Across town in the Palestinian village of Lifta, Mohammed Odeh and his wife had just returned from visiting their son Bilal in Ashkelon Prison, where he is serving an 18-year sentence for attempted murder.

"I feel as though I have lost him," said Mohammed, sitting in the shade of the vines in his garden. "I'm just waiting for him to come back. There is hope that sooner or later the Israelis see that this is impossible."

Bilal, 26, a university graduate in social work, was the leader of a Popular Front for the Liberation of Palestine cell that detonated a series of car bombs packed with mortars in central Jerusalem two years ago. Several people were injured in the blasts, but no one was killed.

"He did what any other Palestinian would do under occupation, and I am proud of him," said Mohammed.

Fadel Tahboub is a former Palestinian militant who has become a peace campaigner. He was captured in the late 1960s after staging a cross-border raid into Israel from Jordan and spent the next 15 years in jail. He now helps run the People's Peace Campaign, a joint Israeli-Palestinian project based in East Jerusalem that is trying to hammer out some basic principles for mutual coexistence.
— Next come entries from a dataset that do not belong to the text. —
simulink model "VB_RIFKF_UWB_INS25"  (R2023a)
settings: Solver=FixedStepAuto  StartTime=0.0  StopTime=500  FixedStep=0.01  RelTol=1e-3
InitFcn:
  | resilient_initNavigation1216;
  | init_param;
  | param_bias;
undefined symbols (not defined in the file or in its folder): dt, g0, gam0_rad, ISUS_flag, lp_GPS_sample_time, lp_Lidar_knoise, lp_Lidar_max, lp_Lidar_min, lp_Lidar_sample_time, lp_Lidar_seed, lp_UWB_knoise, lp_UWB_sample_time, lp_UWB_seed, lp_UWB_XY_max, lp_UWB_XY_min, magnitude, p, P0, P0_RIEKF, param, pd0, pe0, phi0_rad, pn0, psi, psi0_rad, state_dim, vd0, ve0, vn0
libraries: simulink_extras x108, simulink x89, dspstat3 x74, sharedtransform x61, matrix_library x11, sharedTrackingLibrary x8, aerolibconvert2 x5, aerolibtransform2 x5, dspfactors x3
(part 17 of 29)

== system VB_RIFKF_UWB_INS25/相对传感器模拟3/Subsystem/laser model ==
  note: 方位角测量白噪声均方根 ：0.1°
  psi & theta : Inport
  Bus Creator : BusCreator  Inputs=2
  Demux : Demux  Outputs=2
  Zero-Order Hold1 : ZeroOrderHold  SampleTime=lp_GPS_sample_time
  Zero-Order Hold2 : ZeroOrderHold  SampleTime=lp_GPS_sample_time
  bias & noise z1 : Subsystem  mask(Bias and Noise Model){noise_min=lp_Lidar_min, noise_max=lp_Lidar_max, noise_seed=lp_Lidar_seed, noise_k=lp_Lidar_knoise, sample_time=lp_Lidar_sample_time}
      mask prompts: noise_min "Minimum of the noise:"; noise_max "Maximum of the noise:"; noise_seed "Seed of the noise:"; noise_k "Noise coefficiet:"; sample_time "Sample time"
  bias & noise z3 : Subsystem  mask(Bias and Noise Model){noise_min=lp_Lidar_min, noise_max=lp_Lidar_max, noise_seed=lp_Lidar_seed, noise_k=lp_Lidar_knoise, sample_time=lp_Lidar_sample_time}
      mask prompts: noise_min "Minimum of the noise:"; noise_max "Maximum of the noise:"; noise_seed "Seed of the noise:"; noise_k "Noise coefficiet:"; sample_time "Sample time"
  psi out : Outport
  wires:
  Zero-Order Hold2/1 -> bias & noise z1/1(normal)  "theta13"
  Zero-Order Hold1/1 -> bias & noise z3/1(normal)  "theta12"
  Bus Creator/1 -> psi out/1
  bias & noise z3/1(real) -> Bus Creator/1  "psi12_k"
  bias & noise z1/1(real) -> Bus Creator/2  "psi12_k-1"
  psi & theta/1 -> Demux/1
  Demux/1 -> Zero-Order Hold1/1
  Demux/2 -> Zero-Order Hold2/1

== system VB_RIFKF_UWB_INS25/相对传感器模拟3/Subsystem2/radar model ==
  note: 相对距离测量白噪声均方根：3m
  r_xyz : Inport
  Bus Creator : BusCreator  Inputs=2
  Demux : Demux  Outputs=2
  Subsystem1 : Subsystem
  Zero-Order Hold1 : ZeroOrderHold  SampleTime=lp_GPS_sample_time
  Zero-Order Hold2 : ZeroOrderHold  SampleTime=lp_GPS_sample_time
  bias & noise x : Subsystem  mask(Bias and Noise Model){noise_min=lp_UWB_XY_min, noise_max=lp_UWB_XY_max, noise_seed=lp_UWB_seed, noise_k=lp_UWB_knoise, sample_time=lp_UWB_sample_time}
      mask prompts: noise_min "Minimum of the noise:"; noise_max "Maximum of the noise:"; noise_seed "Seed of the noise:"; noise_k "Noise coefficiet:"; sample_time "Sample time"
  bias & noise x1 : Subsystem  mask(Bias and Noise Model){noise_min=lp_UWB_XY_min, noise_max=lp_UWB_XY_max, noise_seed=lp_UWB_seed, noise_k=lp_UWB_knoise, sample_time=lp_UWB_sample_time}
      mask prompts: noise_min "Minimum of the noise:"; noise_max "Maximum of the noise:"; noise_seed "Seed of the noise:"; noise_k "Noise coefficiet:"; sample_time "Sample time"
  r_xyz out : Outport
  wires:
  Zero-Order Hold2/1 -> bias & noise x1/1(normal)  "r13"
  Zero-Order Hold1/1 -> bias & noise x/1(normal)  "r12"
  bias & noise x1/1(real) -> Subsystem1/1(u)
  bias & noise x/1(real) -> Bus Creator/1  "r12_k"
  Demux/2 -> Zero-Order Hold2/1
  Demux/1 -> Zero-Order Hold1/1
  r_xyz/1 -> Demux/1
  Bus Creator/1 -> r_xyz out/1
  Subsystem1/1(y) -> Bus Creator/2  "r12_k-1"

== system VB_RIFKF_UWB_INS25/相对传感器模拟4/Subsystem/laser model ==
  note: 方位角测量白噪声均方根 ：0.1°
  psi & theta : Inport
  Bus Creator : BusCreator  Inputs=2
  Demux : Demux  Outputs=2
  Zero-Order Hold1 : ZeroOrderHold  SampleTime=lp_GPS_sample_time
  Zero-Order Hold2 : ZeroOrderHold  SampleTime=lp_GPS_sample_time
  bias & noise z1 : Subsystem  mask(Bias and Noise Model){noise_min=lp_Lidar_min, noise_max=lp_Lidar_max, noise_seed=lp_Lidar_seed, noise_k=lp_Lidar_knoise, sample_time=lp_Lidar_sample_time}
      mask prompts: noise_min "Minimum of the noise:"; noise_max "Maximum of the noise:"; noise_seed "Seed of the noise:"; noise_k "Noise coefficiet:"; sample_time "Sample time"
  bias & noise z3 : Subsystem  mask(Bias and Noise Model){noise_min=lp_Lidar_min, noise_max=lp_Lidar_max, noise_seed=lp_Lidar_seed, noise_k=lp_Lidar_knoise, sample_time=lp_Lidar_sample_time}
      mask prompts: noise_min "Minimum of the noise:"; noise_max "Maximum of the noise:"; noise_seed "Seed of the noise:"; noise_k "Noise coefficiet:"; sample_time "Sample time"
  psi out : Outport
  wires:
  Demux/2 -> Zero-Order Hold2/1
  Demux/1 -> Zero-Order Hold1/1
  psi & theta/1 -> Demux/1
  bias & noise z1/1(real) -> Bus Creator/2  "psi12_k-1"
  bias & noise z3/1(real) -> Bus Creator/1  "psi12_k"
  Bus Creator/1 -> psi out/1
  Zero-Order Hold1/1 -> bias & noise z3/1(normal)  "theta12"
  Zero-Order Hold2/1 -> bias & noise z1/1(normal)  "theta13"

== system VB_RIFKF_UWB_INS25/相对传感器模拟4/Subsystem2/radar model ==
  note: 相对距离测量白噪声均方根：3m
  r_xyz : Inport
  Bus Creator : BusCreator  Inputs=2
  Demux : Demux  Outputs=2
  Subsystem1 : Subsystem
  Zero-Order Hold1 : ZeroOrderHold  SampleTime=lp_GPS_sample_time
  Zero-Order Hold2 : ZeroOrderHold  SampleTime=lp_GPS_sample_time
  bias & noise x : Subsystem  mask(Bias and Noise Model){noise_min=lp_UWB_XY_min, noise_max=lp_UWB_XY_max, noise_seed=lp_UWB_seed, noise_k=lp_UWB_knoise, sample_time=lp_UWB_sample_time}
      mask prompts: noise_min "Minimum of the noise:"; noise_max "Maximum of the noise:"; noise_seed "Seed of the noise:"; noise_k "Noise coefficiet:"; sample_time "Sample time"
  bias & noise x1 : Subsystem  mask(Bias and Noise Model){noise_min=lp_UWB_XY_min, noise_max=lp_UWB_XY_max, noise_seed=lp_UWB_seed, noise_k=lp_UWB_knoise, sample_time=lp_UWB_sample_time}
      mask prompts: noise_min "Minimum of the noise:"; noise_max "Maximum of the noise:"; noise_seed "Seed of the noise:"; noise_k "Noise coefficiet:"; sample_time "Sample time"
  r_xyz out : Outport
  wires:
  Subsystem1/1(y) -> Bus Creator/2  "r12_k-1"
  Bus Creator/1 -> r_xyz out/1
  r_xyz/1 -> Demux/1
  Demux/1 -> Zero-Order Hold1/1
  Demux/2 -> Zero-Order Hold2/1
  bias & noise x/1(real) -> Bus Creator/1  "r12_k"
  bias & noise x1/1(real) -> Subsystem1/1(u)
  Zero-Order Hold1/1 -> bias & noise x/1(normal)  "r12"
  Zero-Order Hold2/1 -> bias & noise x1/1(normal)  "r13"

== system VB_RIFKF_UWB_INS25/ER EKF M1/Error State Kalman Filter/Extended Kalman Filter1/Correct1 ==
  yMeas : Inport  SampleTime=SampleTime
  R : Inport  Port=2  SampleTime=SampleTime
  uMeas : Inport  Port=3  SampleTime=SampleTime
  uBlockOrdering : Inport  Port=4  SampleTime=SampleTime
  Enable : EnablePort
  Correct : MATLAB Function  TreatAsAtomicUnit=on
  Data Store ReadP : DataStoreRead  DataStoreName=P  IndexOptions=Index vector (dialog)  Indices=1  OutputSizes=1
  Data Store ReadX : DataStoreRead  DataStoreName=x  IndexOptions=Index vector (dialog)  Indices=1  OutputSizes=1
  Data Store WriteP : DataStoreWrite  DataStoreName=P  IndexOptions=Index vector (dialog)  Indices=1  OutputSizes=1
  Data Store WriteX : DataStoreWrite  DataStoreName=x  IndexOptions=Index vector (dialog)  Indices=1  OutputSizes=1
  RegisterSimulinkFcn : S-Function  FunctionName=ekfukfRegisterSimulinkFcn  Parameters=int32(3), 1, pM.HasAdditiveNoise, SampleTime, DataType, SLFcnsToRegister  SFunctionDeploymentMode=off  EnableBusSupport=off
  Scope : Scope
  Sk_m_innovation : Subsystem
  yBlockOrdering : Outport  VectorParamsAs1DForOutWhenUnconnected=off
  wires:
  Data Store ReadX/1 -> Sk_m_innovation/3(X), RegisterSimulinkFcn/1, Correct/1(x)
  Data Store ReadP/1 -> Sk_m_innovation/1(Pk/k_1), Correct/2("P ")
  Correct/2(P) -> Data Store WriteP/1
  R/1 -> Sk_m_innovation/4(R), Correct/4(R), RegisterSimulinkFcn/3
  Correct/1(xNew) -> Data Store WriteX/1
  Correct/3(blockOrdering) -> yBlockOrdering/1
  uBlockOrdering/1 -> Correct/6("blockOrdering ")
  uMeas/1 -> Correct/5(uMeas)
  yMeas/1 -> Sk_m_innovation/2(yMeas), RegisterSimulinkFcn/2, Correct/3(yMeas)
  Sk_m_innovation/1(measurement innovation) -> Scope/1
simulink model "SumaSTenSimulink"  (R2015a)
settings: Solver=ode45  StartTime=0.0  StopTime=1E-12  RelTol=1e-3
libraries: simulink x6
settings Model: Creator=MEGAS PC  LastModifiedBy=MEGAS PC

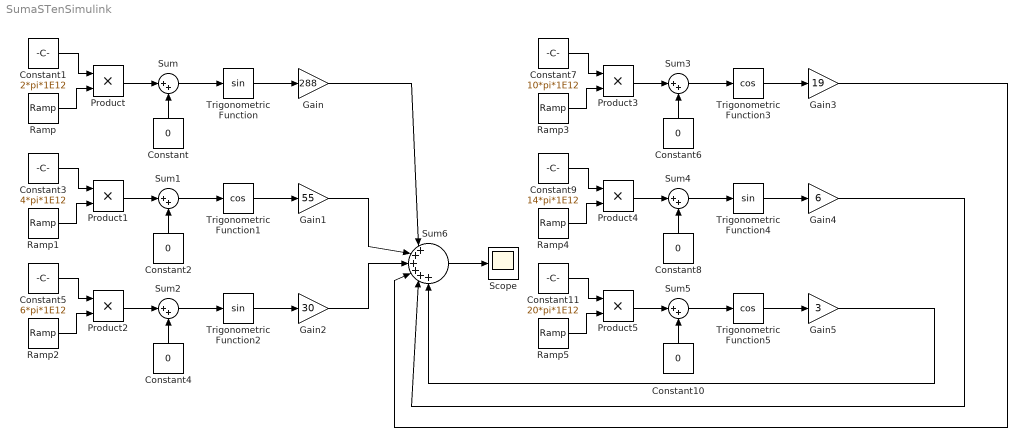
== system SumaSTenSimulink ==
  Constant{,2,4,6,8,10} (6 alike) : Constant  Value=0
  Constant1 : Constant  Value=2*pi*1E12
  Constant11 : Constant  Value=20*pi*1E12
  Constant3 : Constant  Value=4*pi*1E12
  Constant5 : Constant  Value=6*pi*1E12
  Constant7 : Constant  Value=10*pi*1E12
  Constant9 : Constant  Value=14*pi*1E12
  Gain : Gain  Gain=288
  Gain1 : Gain  Gain=55
  Gain2 : Gain  Gain=30
  Gain3 : Gain  Gain=19
  Gain4 : Gain  Gain=6
  Gain5 : Gain  Gain=3
  Product{,1..5} (6 alike) : Product
  Ramp{,1..5} (6 alike) : simulink/Sources/Ramp  slope=1  start=0  X0=1E-15
  Scope : Scope
      settings: YMin=78.5  YMax=81
  Sum{,1..5} (6 alike) : Sum  Inputs=|++
  Sum6 : Sum  Inputs=|++++++
  Trigonometric Function : Trigonometry
  Trigonometric Function1 : Trigonometry  Operator=cos
  Trigonometric Function2 : Trigonometry
  Trigonometric Function3 : Trigonometry  Operator=cos
  Trigonometric Function4 : Trigonometry
  Trigonometric Function5 : Trigonometry  Operator=cos
  wires:
  Constant1/1 -> Product/1
  Product/1 -> Sum/1
  Constant/1 -> Sum/2
  Sum/1 -> Trigonometric Function/1
  Trigonometric Function/1 -> Gain/1
  Ramp/1 -> Product/2
  Constant3/1 -> Product1/1
  Product1/1 -> Sum1/1
  Constant2/1 -> Sum1/2
  Sum1/1 -> Trigonometric Function1/1
  Trigonometric Function1/1 -> Gain1/1
  Ramp1/1 -> Product1/2
  Constant5/1 -> Product2/1
  Product2/1 -> Sum2/1
  Constant4/1 -> Sum2/2
  Sum2/1 -> Trigonometric Function2/1
  Trigonometric Function2/1 -> Gain2/1
  Ramp2/1 -> Product2/2
  Constant7/1 -> Product3/1
  Product3/1 -> Sum3/1
  Constant6/1 -> Sum3/2
  Sum3/1 -> Trigonometric Function3/1
  Trigonometric Function3/1 -> Gain3/1
  Ramp3/1 -> Product3/2
  Constant9/1 -> Product4/1
  Product4/1 -> Sum4/1
  Constant8/1 -> Sum4/2
  Sum4/1 -> Trigonometric Function4/1
  Trigonometric Function4/1 -> Gain4/1
  Ramp4/1 -> Product4/2
  Constant11/1 -> Product5/1
  Product5/1 -> Sum5/1
  Constant10/1 -> Sum5/2
  Sum5/1 -> Trigonometric Function5/1
  Trigonometric Function5/1 -> Gain5/1
  Ramp5/1 -> Product5/2
  Gain/1 -> Sum6/1
  Gain2/1 -> Sum6/3
  Gain3/1 -> Sum6/4
  Gain5/1 -> Sum6/6
  Gain4/1 -> Sum6/5
  Sum6/1 -> Scope/1
  Gain1/1 -> Sum6/2

But the gray-haired veteran, who is also a member of the Palestine Liberation Organization's parliament in exile, the Palestine National Council, said the prisoner issue could undermine any attempt to move toward peace.

"For us, these people are not terrorists but national heroes for carrying out resistance to the occupation," Tahboub said.

"The cease-fire will collapse if they do not release them," he warned. "It will weaken Abu Mazen, and he will fall."

But Israeli Justice Minister Yosef Lapid told Hisham Abdel Razek, the Palestinian minister for prisoner affairs, that it would be "impractical" to consider releasing Hamas prisoners when the group's leader, Abdel Aziz Rantisi, had vowed to resume attacks after the truce expires.

"When Rantisi goes on television and says that after the (cease-fire) in three months they will continue the war to wipe out the Jewish state, it is not exactly smart to demand of us to release fighters to annihilate the Jewish state," he said.

"Some of the most terrible violence has taken place as a direct result of the actions of many of the Palestinians now sitting in Israeli jails," said professor Gerald Steinberg, a political science lecturer and analyst at Bar- Ilan University.

"Over the past 10 years, on many occasions Palestinians were released from Israeli jails as part of a goodwill gesture, and they came back and committed more terrorist acts. While the Palestinians are demanding a large number of prisoner releases, I think it's extremely important for the Israeli government to say no and to pursue the legal process."